**EXERCISE PROMPT**
Could you reproduce the lines below from the one with "IGNORE_NULLS = No" through the one with "MERGED -> FeatureMerger [REQUESTOR]"? Keep both ends and add nothing.
++++
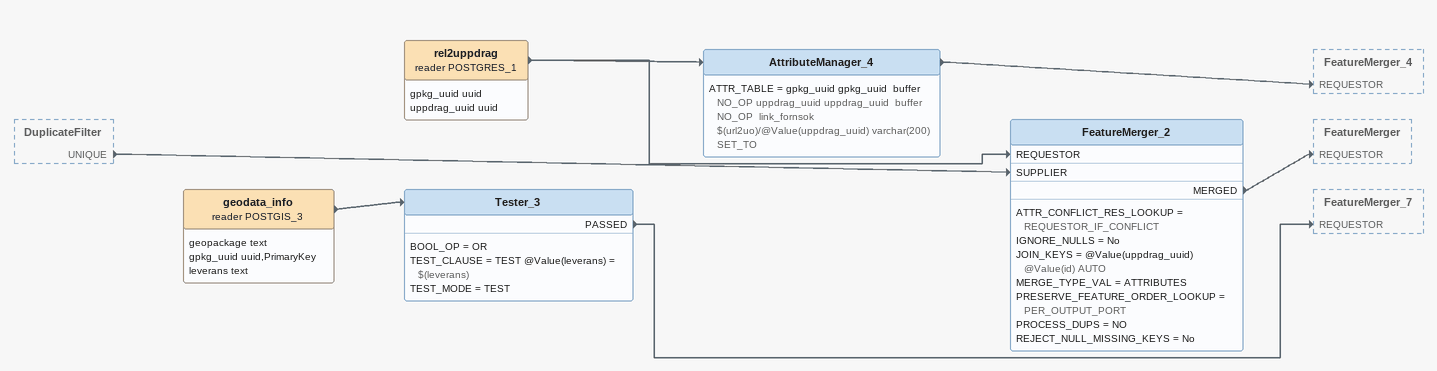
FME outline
DuplicateFilter [outside]
    UNIQUE -> FeatureMerger_2 [SUPPLIER]
geodata_info (reader POSTGIS_3)
    attributes: geopackage text, gpkg_uuid uuid,PrimaryKey, leverans text
    -> Tester_3
Tester_3
    BOOL_OP = OR
    TEST_CLAUSE = TEST @Value(leverans) = $(leverans)
    TEST_MODE = TEST
    PASSED -> FeatureMerger_7 [REQUESTOR]
rel2uppdrag (reader POSTGRES_1)
    attributes: gpkg_uuid uuid, uppdrag_uuid uuid
    -> AttributeManager_4
    -> FeatureMerger_2 [REQUESTOR]
AttributeManager_4
    ATTR_TABLE = gpkg_uuid gpkg_uuid  buffer NO_OP uppdrag_uuid uppdrag_uuid  buffer NO_OP  link_fornsok $(url2uo)/@Value(uppdrag_uuid) varchar(200) SET_TO
    -> FeatureMerger_4 [REQUESTOR]
FeatureMerger_2
    ATTR_CONFLICT_RES_LOOKUP = REQUESTOR_IF_CONFLICT
    IGNORE_NULLS = No
    JOIN_KEYS = @Value(uppdrag_uuid) @Value(id) AUTO
    MERGE_TYPE_VAL = ATTRIBUTES
    PRESERVE_FEATURE_ORDER_LOOKUP = PER_OUTPUT_PORT
    PROCESS_DUPS = NO
    REJECT_NULL_MISSING_KEYS = No
    MERGED -> FeatureMerger [REQUESTOR]
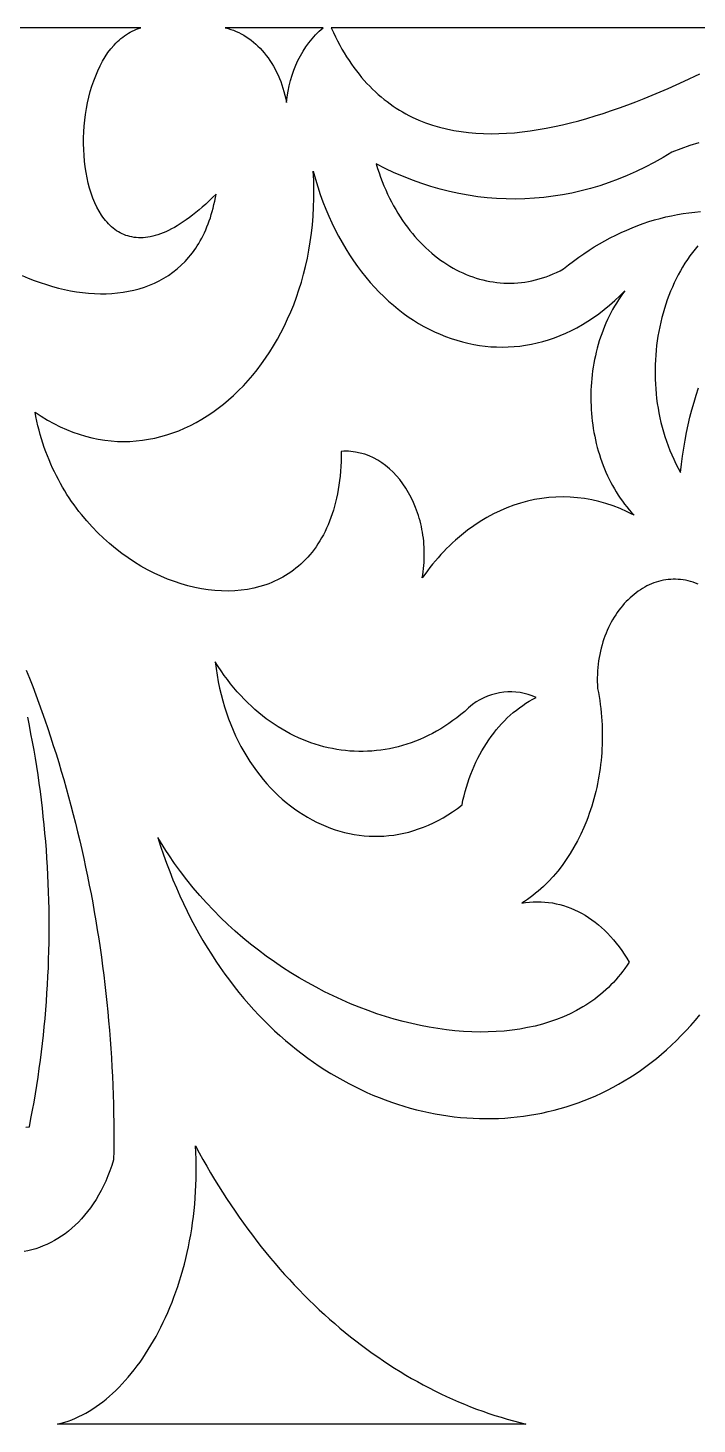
# Model space of a CAD drawing. Extents: x -1145 to -490, y -328 to 327.
# Drawn here: x -776.2 to -737.8, y 201.7 to 281.9 of the extents above; entities that cross this region are included whole.
import ezdxf

# ---------------------------------------------------------------- set-up
doc = ezdxf.new("R2010")
doc.units = 0
doc.layers.add('LAYER_1', color=18, linetype='CONTINUOUS')

msp = doc.modelspace()

# ---------------------------------------------------------------- linework, layer by layer
at = {"layer": 'LAYER_1'}
for points in [[(-776.528, 267.682), (-776.181, 267.533), (-775.834, 267.395), (-775.485, 267.268), (-775.136, 267.152), (-774.787, 267.047), (-774.438, 266.954), (-774.089, 266.872), (-773.742, 266.801), (-773.396, 266.743), (-773.052, 266.696), (-772.71, 266.661), (-772.371, 266.639), (-772.035, 266.629), (-771.702, 266.631), (-771.373, 266.646), (-771.048, 266.674), (-770.728, 266.714), (-770.413, 266.768), (-770.103, 266.835), (-769.8, 266.915), (-769.502, 267.009), (-769.211, 267.117), (-768.927, 267.238), (-768.651, 267.373), (-768.382, 267.523), (-768.121, 267.686), (-767.87, 267.864), (-767.627, 268.057), (-767.393, 268.264), (-767.17, 268.486), (-766.956, 268.723), (-766.853, 268.847), (-766.753, 268.975), (-766.656, 269.106), (-766.561, 269.242), (-766.47, 269.381), (-766.381, 269.524), (-766.295, 269.672), (-766.212, 269.823), (-766.132, 269.978), (-766.056, 270.137), (-765.982, 270.299), (-765.912, 270.466), (-765.845, 270.637), (-765.781, 270.812), (-765.72, 270.991), (-765.663, 271.174), (-765.61, 271.361), (-765.56, 271.552), (-765.513, 271.747), (-765.47, 271.946), (-765.431, 272.15), (-765.395, 272.357), (-765.595, 272.157), (-765.793, 271.966), (-765.988, 271.783), (-766.18, 271.61), (-766.37, 271.446), (-766.556, 271.291), (-766.74, 271.144), (-766.921, 271.006), (-767.1, 270.876), (-767.276, 270.754), (-767.449, 270.641), (-767.619, 270.536), (-767.786, 270.438), (-767.951, 270.349), (-768.113, 270.267), (-768.273, 270.193), (-768.43, 270.127), (-768.584, 270.067), (-768.735, 270.015), (-768.884, 269.971), (-769.029, 269.933), (-769.173, 269.902), (-769.313, 269.878), (-769.451, 269.86), (-769.586, 269.85), (-769.719, 269.845), (-769.849, 269.847), (-769.976, 269.855), (-770.1, 269.869), (-770.222, 269.889), (-770.341, 269.915), (-770.458, 269.947), (-770.572, 269.984), (-770.683, 270.027), (-770.791, 270.076), (-770.897, 270.129), (-771, 270.188), (-771.101, 270.251), (-771.199, 270.32), (-771.294, 270.393), (-771.387, 270.472), (-771.477, 270.554), (-771.564, 270.641), (-771.649, 270.733), (-771.731, 270.828), (-771.811, 270.928), (-771.888, 271.032), (-771.962, 271.139), (-772.103, 271.366), (-772.233, 271.606), (-772.354, 271.86), (-772.463, 272.125), (-772.563, 272.402), (-772.652, 272.689), (-772.73, 272.986), (-772.799, 273.291), (-772.857, 273.604), (-772.905, 273.923), (-772.943, 274.247), (-772.97, 274.577), (-772.988, 274.91), (-772.995, 275.246), (-772.993, 275.584), (-772.98, 275.922), (-772.957, 276.261), (-772.924, 276.599), (-772.881, 276.935), (-772.828, 277.268), (-772.766, 277.598), (-772.693, 277.923), (-772.61, 278.242), (-772.518, 278.554), (-772.415, 278.86), (-772.303, 279.156), (-772.181, 279.444), (-772.049, 279.721), (-771.908, 279.987), (-771.757, 280.24), (-771.596, 280.481), (-771.425, 280.707), (-771.245, 280.919), (-771.151, 281.019), (-771.055, 281.115), (-770.956, 281.206), (-770.855, 281.293), (-770.752, 281.376), (-770.646, 281.454), (-770.538, 281.528), (-770.428, 281.597), (-770.315, 281.661), (-770.199, 281.719), (-770.082, 281.773), (-769.962, 281.822), (-769.839, 281.865), (-769.714, 281.902), (-795.499, 281.902)], [(-732.589, 281.899), (-758.776, 281.9), (-758.658, 281.645), (-758.538, 281.396), (-758.415, 281.153), (-758.29, 280.916), (-758.161, 280.686), (-758.029, 280.462), (-757.895, 280.244), (-757.758, 280.032), (-757.619, 279.826), (-757.476, 279.626), (-757.331, 279.431), (-757.184, 279.243), (-757.034, 279.06), (-756.881, 278.883), (-756.726, 278.712), (-756.569, 278.546), (-756.409, 278.385), (-756.247, 278.231), (-756.082, 278.081), (-755.916, 277.937), (-755.747, 277.798), (-755.575, 277.665), (-755.402, 277.536), (-755.227, 277.413), (-755.049, 277.295), (-754.869, 277.182), (-754.688, 277.074), (-754.504, 276.971), (-754.318, 276.872), (-754.131, 276.779), (-753.75, 276.606), (-753.363, 276.451), (-752.968, 276.315), (-752.567, 276.196), (-752.16, 276.095), (-751.747, 276.01), (-751.328, 275.942), (-750.903, 275.889), (-750.474, 275.852), (-750.04, 275.83), (-749.601, 275.822), (-749.158, 275.829), (-748.712, 275.849), (-748.261, 275.882), (-747.808, 275.928), (-747.351, 275.987), (-746.892, 276.057), (-746.431, 276.138), (-745.967, 276.231), (-745.502, 276.334), (-745.035, 276.447), (-744.567, 276.57), (-744.099, 276.702), (-743.629, 276.843), (-743.16, 276.992), (-742.69, 277.149), (-742.221, 277.313), (-741.752, 277.484), (-741.284, 277.662), (-740.818, 277.846), (-740.353, 278.035), (-739.429, 278.429), (-738.515, 278.841), (-737.613, 279.265)], [(-737.678, 275.304), (-738.196, 275.142), (-738.712, 274.959), (-739.226, 274.754), (-739.728, 274.451), (-740.236, 274.166), (-740.747, 273.899), (-741.263, 273.65), (-741.782, 273.419), (-742.304, 273.207), (-742.83, 273.012), (-743.359, 272.836), (-743.89, 272.678), (-744.423, 272.538), (-744.959, 272.417), (-745.496, 272.314), (-746.035, 272.228), (-746.575, 272.162), (-747.116, 272.113), (-747.658, 272.083), (-748.2, 272.071), (-748.743, 272.077), (-749.285, 272.101), (-749.827, 272.144), (-750.368, 272.205), (-750.908, 272.285), (-751.447, 272.383), (-751.984, 272.499), (-752.52, 272.633), (-753.054, 272.786), (-753.585, 272.958), (-754.114, 273.147), (-754.639, 273.356), (-755.162, 273.582), (-755.681, 273.827), (-756.197, 274.09), (-756.116, 273.829), (-756.031, 273.573), (-755.942, 273.32), (-755.848, 273.072), (-755.75, 272.829), (-755.647, 272.59), (-755.541, 272.355), (-755.43, 272.125), (-755.315, 271.9), (-755.197, 271.679), (-755.074, 271.463), (-754.948, 271.252), (-754.819, 271.046), (-754.685, 270.844), (-754.549, 270.648), (-754.409, 270.456), (-754.266, 270.269), (-754.119, 270.088), (-753.97, 269.911), (-753.817, 269.74), (-753.662, 269.574), (-753.503, 269.413), (-753.342, 269.258), (-753.178, 269.108), (-753.012, 268.963), (-752.843, 268.824), (-752.672, 268.69), (-752.498, 268.562), (-752.323, 268.439), (-752.145, 268.322), (-751.965, 268.211), (-751.783, 268.105), (-751.599, 268.005), (-751.413, 267.912), (-751.226, 267.824), (-751.037, 267.742), (-750.846, 267.665), (-750.654, 267.595), (-750.461, 267.531), (-750.266, 267.474), (-750.071, 267.422), (-749.874, 267.377), (-749.676, 267.338), (-749.477, 267.305), (-749.277, 267.278), (-749.077, 267.258), (-748.876, 267.245), (-748.674, 267.238), (-748.472, 267.238), (-748.269, 267.244), (-748.066, 267.257), (-747.863, 267.276), (-747.66, 267.303), (-747.456, 267.336), (-747.253, 267.376), (-747.05, 267.423), (-746.847, 267.477), (-746.644, 267.538), (-746.442, 267.606), (-746.24, 267.681), (-746.038, 267.763), (-745.838, 267.853), (-745.638, 267.95), (-745.438, 268.054), (-745.152, 268.285), (-744.862, 268.508), (-744.569, 268.724), (-744.273, 268.931), (-743.975, 269.13), (-743.674, 269.32), (-743.37, 269.503), (-743.064, 269.677), (-742.756, 269.843), (-742.445, 270.001), (-742.132, 270.15), (-741.817, 270.291), (-741.5, 270.424), (-741.181, 270.548), (-740.861, 270.664), (-740.539, 270.771), (-740.215, 270.869), (-739.889, 270.959), (-739.563, 271.041), (-739.235, 271.114), (-738.906, 271.178), (-738.575, 271.234), (-738.244, 271.28), (-737.912, 271.319), (-737.579, 271.348)], [(-737.725, 269.39), (-737.883, 269.198), (-738.037, 269.001), (-738.186, 268.799), (-738.33, 268.592), (-738.469, 268.38), (-738.603, 268.163), (-738.731, 267.942), (-738.855, 267.716), (-738.973, 267.486), (-739.086, 267.252), (-739.194, 267.014), (-739.297, 266.772), (-739.394, 266.527), (-739.486, 266.279), (-739.572, 266.028), (-739.653, 265.773), (-739.728, 265.516), (-739.798, 265.256), (-739.863, 264.994), (-739.921, 264.729), (-739.974, 264.462), (-740.021, 264.194), (-740.063, 263.923), (-740.099, 263.651), (-740.128, 263.378), (-740.152, 263.104), (-740.171, 262.828), (-740.183, 262.552), (-740.189, 262.275), (-740.189, 261.997), (-740.183, 261.719), (-740.171, 261.441), (-740.152, 261.163), (-740.128, 260.885), (-740.097, 260.608), (-740.06, 260.331), (-740.017, 260.055), (-739.967, 259.779), (-739.911, 259.505), (-739.848, 259.232), (-739.779, 258.96), (-739.703, 258.69), (-739.621, 258.422), (-739.532, 258.156), (-739.437, 257.892), (-739.334, 257.63), (-739.225, 257.371), (-739.11, 257.114), (-738.987, 256.86), (-738.858, 256.609), (-738.721, 256.362), (-738.671, 256.831), (-738.612, 257.295), (-738.544, 257.754), (-738.466, 258.207), (-738.38, 258.655), (-738.285, 259.098), (-738.182, 259.535), (-738.07, 259.966), (-737.95, 260.391), (-737.821, 260.81), (-737.685, 261.223)], [(-737.719, 249.94), (-737.861, 249.998), (-738.004, 250.049), (-738.147, 250.094), (-738.291, 250.132), (-738.434, 250.163), (-738.577, 250.188), (-738.72, 250.206), (-738.863, 250.218), (-739.006, 250.224), (-739.147, 250.223), (-739.289, 250.217), (-739.43, 250.204), (-739.569, 250.186), (-739.709, 250.162), (-739.847, 250.132), (-739.984, 250.096), (-740.12, 250.055), (-740.254, 250.009), (-740.388, 249.956), (-740.519, 249.899), (-740.65, 249.836), (-740.778, 249.768), (-740.905, 249.695), (-741.031, 249.617), (-741.154, 249.534), (-741.275, 249.446), (-741.394, 249.354), (-741.511, 249.256), (-741.625, 249.155), (-741.738, 249.048), (-741.847, 248.937), (-741.954, 248.822), (-742.058, 248.702), (-742.16, 248.579), (-742.259, 248.451), (-742.354, 248.319), (-742.447, 248.183), (-742.536, 248.043), (-742.622, 247.899), (-742.705, 247.752), (-742.784, 247.601), (-742.86, 247.446), (-742.932, 247.288), (-743, 247.127), (-743.064, 246.962), (-743.124, 246.794), (-743.181, 246.623), (-743.233, 246.449), (-743.281, 246.271), (-743.324, 246.091), (-743.363, 245.908), (-743.398, 245.723), (-743.428, 245.534), (-743.453, 245.343), (-743.473, 245.15), (-743.489, 244.954), (-743.499, 244.755), (-743.504, 244.555), (-743.504, 244.352), (-743.499, 244.147), (-743.488, 243.94), (-743.443, 243.71), (-743.403, 243.48), (-743.366, 243.249), (-743.333, 243.019), (-743.305, 242.788), (-743.28, 242.557), (-743.26, 242.326), (-743.243, 242.095), (-743.23, 241.864), (-743.222, 241.633), (-743.217, 241.403), (-743.215, 241.173), (-743.218, 240.943), (-743.225, 240.714), (-743.235, 240.486), (-743.249, 240.258), (-743.267, 240.031), (-743.288, 239.805), (-743.313, 239.58), (-743.342, 239.356), (-743.374, 239.133), (-743.41, 238.911), (-743.45, 238.69), (-743.493, 238.47), (-743.539, 238.252), (-743.59, 238.035), (-743.643, 237.82), (-743.7, 237.606), (-743.761, 237.394), (-743.825, 237.184), (-743.892, 236.976), (-743.962, 236.769), (-744.036, 236.564), (-744.113, 236.362), (-744.278, 235.963), (-744.455, 235.573), (-744.645, 235.193), (-744.847, 234.824), (-745.062, 234.465), (-745.288, 234.117), (-745.527, 233.782), (-745.778, 233.459), (-746.04, 233.15), (-746.313, 232.854), (-746.597, 232.573), (-746.892, 232.308), (-747.044, 232.18), (-747.198, 232.057), (-747.355, 231.938), (-747.515, 231.823), (-747.677, 231.713), (-747.842, 231.606), (-747.62, 231.643), (-747.397, 231.67), (-747.176, 231.687), (-746.954, 231.693), (-746.734, 231.69), (-746.514, 231.677), (-746.296, 231.655), (-746.078, 231.622), (-745.862, 231.581), (-745.648, 231.53), (-745.435, 231.469), (-745.224, 231.4), (-745.016, 231.321), (-744.81, 231.233), (-744.606, 231.136), (-744.404, 231.031), (-744.206, 230.917), (-744.01, 230.794), (-743.818, 230.662), (-743.629, 230.522), (-743.443, 230.374), (-743.261, 230.217), (-743.083, 230.053), (-742.909, 229.88), (-742.739, 229.699), (-742.573, 229.511), (-742.412, 229.314), (-742.255, 229.11), (-742.104, 228.898), (-741.957, 228.679), (-741.816, 228.453), (-741.679, 228.219), (-741.796, 228.04), (-741.917, 227.866), (-742.042, 227.697), (-742.17, 227.531), (-742.302, 227.37), (-742.438, 227.213), (-742.578, 227.06), (-742.721, 226.911), (-742.868, 226.766), (-743.018, 226.626), (-743.171, 226.489), (-743.328, 226.357), (-743.488, 226.229), (-743.652, 226.105), (-743.818, 225.985), (-743.988, 225.869), (-744.161, 225.757), (-744.336, 225.649), (-744.696, 225.445), (-745.068, 225.257), (-745.45, 225.085), (-745.843, 224.929), (-746.245, 224.788), (-746.657, 224.663), (-747.078, 224.553), (-747.508, 224.459), (-747.945, 224.38), (-748.39, 224.316), (-748.842, 224.266), (-749.301, 224.232), (-749.766, 224.213), (-750.237, 224.209), (-750.713, 224.219), (-751.194, 224.243), (-751.679, 224.282), (-752.168, 224.335), (-752.66, 224.402), (-753.155, 224.484), (-753.653, 224.579), (-754.153, 224.689), (-754.654, 224.812), (-755.157, 224.948), (-755.66, 225.099), (-756.163, 225.262), (-756.666, 225.439), (-757.168, 225.63), (-757.668, 225.833), (-758.168, 226.05), (-758.664, 226.279), (-759.159, 226.521), (-759.65, 226.776), (-760.138, 227.044), (-760.621, 227.324), (-761.1, 227.617), (-761.574, 227.921), (-762.043, 228.239), (-762.506, 228.568), (-762.963, 228.909), (-763.412, 229.262), (-763.855, 229.627), (-764.289, 230.003), (-764.716, 230.391), (-765.134, 230.791), (-765.542, 231.202), (-765.941, 231.624), (-766.33, 232.057), (-766.709, 232.502), (-767.076, 232.957), (-767.432, 233.423), (-767.777, 233.9), (-768.108, 234.388), (-768.269, 234.635), (-768.427, 234.886), (-768.582, 235.139), (-768.733, 235.394), (-768.573, 234.891), (-768.406, 234.396), (-768.232, 233.909), (-768.052, 233.429), (-767.865, 232.958), (-767.671, 232.494), (-767.472, 232.038), (-767.266, 231.59), (-767.054, 231.149), (-766.836, 230.717), (-766.612, 230.292), (-766.383, 229.875), (-766.147, 229.466), (-765.907, 229.066), (-765.661, 228.672), (-765.41, 228.287), (-765.153, 227.91), (-764.892, 227.541), (-764.626, 227.179), (-764.355, 226.826), (-764.079, 226.48), (-763.799, 226.143), (-763.515, 225.813), (-763.226, 225.491), (-762.933, 225.177), (-762.636, 224.872), (-762.335, 224.574), (-762.031, 224.284), (-761.722, 224.002), (-761.41, 223.729), (-761.095, 223.463), (-760.776, 223.205), (-760.454, 222.955), (-760.129, 222.714), (-759.801, 222.48), (-759.47, 222.254), (-759.137, 222.037), (-758.801, 221.827), (-758.462, 221.626), (-758.121, 221.433), (-757.778, 221.247), (-757.433, 221.07), (-757.085, 220.901), (-756.736, 220.74), (-756.385, 220.587), (-756.033, 220.443), (-755.678, 220.306), (-755.323, 220.178), (-754.966, 220.057), (-754.608, 219.945), (-754.249, 219.841), (-753.889, 219.745), (-753.528, 219.658), (-753.167, 219.578), (-752.805, 219.507), (-752.442, 219.444), (-752.08, 219.389), (-751.717, 219.342), (-751.353, 219.304), (-750.99, 219.273), (-750.628, 219.251), (-750.265, 219.238), (-749.903, 219.232), (-749.541, 219.235), (-749.18, 219.246), (-748.82, 219.265), (-748.46, 219.293), (-748.102, 219.328), (-747.744, 219.372), (-747.388, 219.425), (-747.034, 219.485), (-746.68, 219.554), (-746.329, 219.632), (-745.979, 219.717), (-745.631, 219.811), (-745.284, 219.914), (-744.94, 220.024), (-744.598, 220.143), (-744.259, 220.271), (-743.922, 220.407), (-743.587, 220.551), (-743.255, 220.703), (-742.926, 220.864), (-742.6, 221.033), (-742.277, 221.211), (-741.957, 221.397), (-741.64, 221.592), (-741.326, 221.795), (-741.017, 222.006), (-740.71, 222.226), (-740.408, 222.454), (-740.109, 222.691), (-739.815, 222.936), (-739.524, 223.19), (-739.238, 223.452), (-738.956, 223.723), (-738.679, 224.002), (-738.406, 224.29), (-738.138, 224.586), (-737.874, 224.89), (-737.616, 225.204)], [(-776.286, 245.005), (-776.1, 244.532), (-775.918, 244.057), (-775.738, 243.58), (-775.563, 243.101), (-775.39, 242.621), (-775.221, 242.138), (-775.056, 241.654), (-774.893, 241.167), (-774.735, 240.679), (-774.579, 240.189), (-774.428, 239.698), (-774.279, 239.205), (-774.134, 238.71), (-773.993, 238.213), (-773.855, 237.715), (-773.721, 237.216), (-773.59, 236.715), (-773.462, 236.212), (-773.338, 235.708), (-773.218, 235.202), (-773.101, 234.696), (-772.988, 234.187), (-772.878, 233.678), (-772.772, 233.167), (-772.669, 232.655), (-772.57, 232.141), (-772.474, 231.627), (-772.382, 231.111), (-772.294, 230.594), (-772.209, 230.076), (-772.127, 229.557), (-772.05, 229.037), (-771.976, 228.516), (-771.905, 227.994), (-771.838, 227.471), (-771.775, 226.948), (-771.715, 226.423), (-771.659, 225.897), (-771.607, 225.371), (-771.558, 224.844), (-771.513, 224.316), (-771.472, 223.787), (-771.434, 223.258), (-771.4, 222.728), (-771.37, 222.197), (-771.343, 221.666), (-771.32, 221.134), (-771.301, 220.602), (-771.285, 220.069), (-771.274, 219.536), (-771.265, 219.002), (-771.261, 218.468), (-771.261, 217.934), (-771.264, 217.399), (-771.271, 216.864), (-771.373, 216.545), (-771.482, 216.236), (-771.599, 215.937), (-771.723, 215.647), (-771.854, 215.367), (-771.991, 215.097), (-772.134, 214.837), (-772.284, 214.586), (-772.439, 214.345), (-772.6, 214.114), (-772.767, 213.893), (-772.938, 213.682), (-773.115, 213.48), (-773.296, 213.289), (-773.481, 213.107), (-773.671, 212.935), (-773.865, 212.773), (-774.062, 212.62), (-774.263, 212.478), (-774.468, 212.346), (-774.675, 212.223), (-774.885, 212.11), (-775.098, 212.008), (-775.313, 211.915), (-775.53, 211.832), (-775.748, 211.759), (-775.969, 211.696), (-776.191, 211.643), (-776.414, 211.6)], [(-776.318, 218.735), (-776.111, 218.758), (-776.018, 219.233), (-775.928, 219.71), (-775.843, 220.187), (-775.762, 220.665), (-775.684, 221.143), (-775.611, 221.623), (-775.542, 222.103), (-775.476, 222.583), (-775.415, 223.065), (-775.358, 223.546), (-775.304, 224.029), (-775.255, 224.511), (-775.21, 224.994), (-775.168, 225.477), (-775.131, 225.961), (-775.098, 226.445), (-775.068, 226.929), (-775.043, 227.414), (-775.021, 227.898), (-775.004, 228.383), (-774.99, 228.867), (-774.98, 229.352), (-774.975, 229.837), (-774.973, 230.321), (-774.975, 230.806), (-774.981, 231.29), (-774.991, 231.774), (-775.005, 232.258), (-775.023, 232.742), (-775.045, 233.225), (-775.071, 233.708), (-775.101, 234.19), (-775.135, 234.672), (-775.172, 235.154), (-775.214, 235.635), (-775.259, 236.115), (-775.309, 236.595), (-775.362, 237.075), (-775.419, 237.553), (-775.48, 238.031), (-775.545, 238.508), (-775.614, 238.984), (-775.687, 239.459), (-775.764, 239.934), (-775.844, 240.407), (-775.929, 240.88), (-776.017, 241.351), (-776.109, 241.821), (-776.206, 242.291)]]:
    msp.add_lwpolyline(points, dxfattribs=at)
for points in [[(-764.864, 281.901), (-764.705, 281.863), (-764.548, 281.818), (-764.393, 281.764), (-764.24, 281.704), (-764.09, 281.637), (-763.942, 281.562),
++++
**ANSWER BELOW**
    IGNORE_NULLS = No
    JOIN_KEYS = @Value(uppdrag_uuid) @Value(id) AUTO
    MERGE_TYPE_VAL = ATTRIBUTES
    PRESERVE_FEATURE_ORDER_LOOKUP = PER_OUTPUT_PORT
    PROCESS_DUPS = NO
    REJECT_NULL_MISSING_KEYS = No
    MERGED -> FeatureMerger [REQUESTOR]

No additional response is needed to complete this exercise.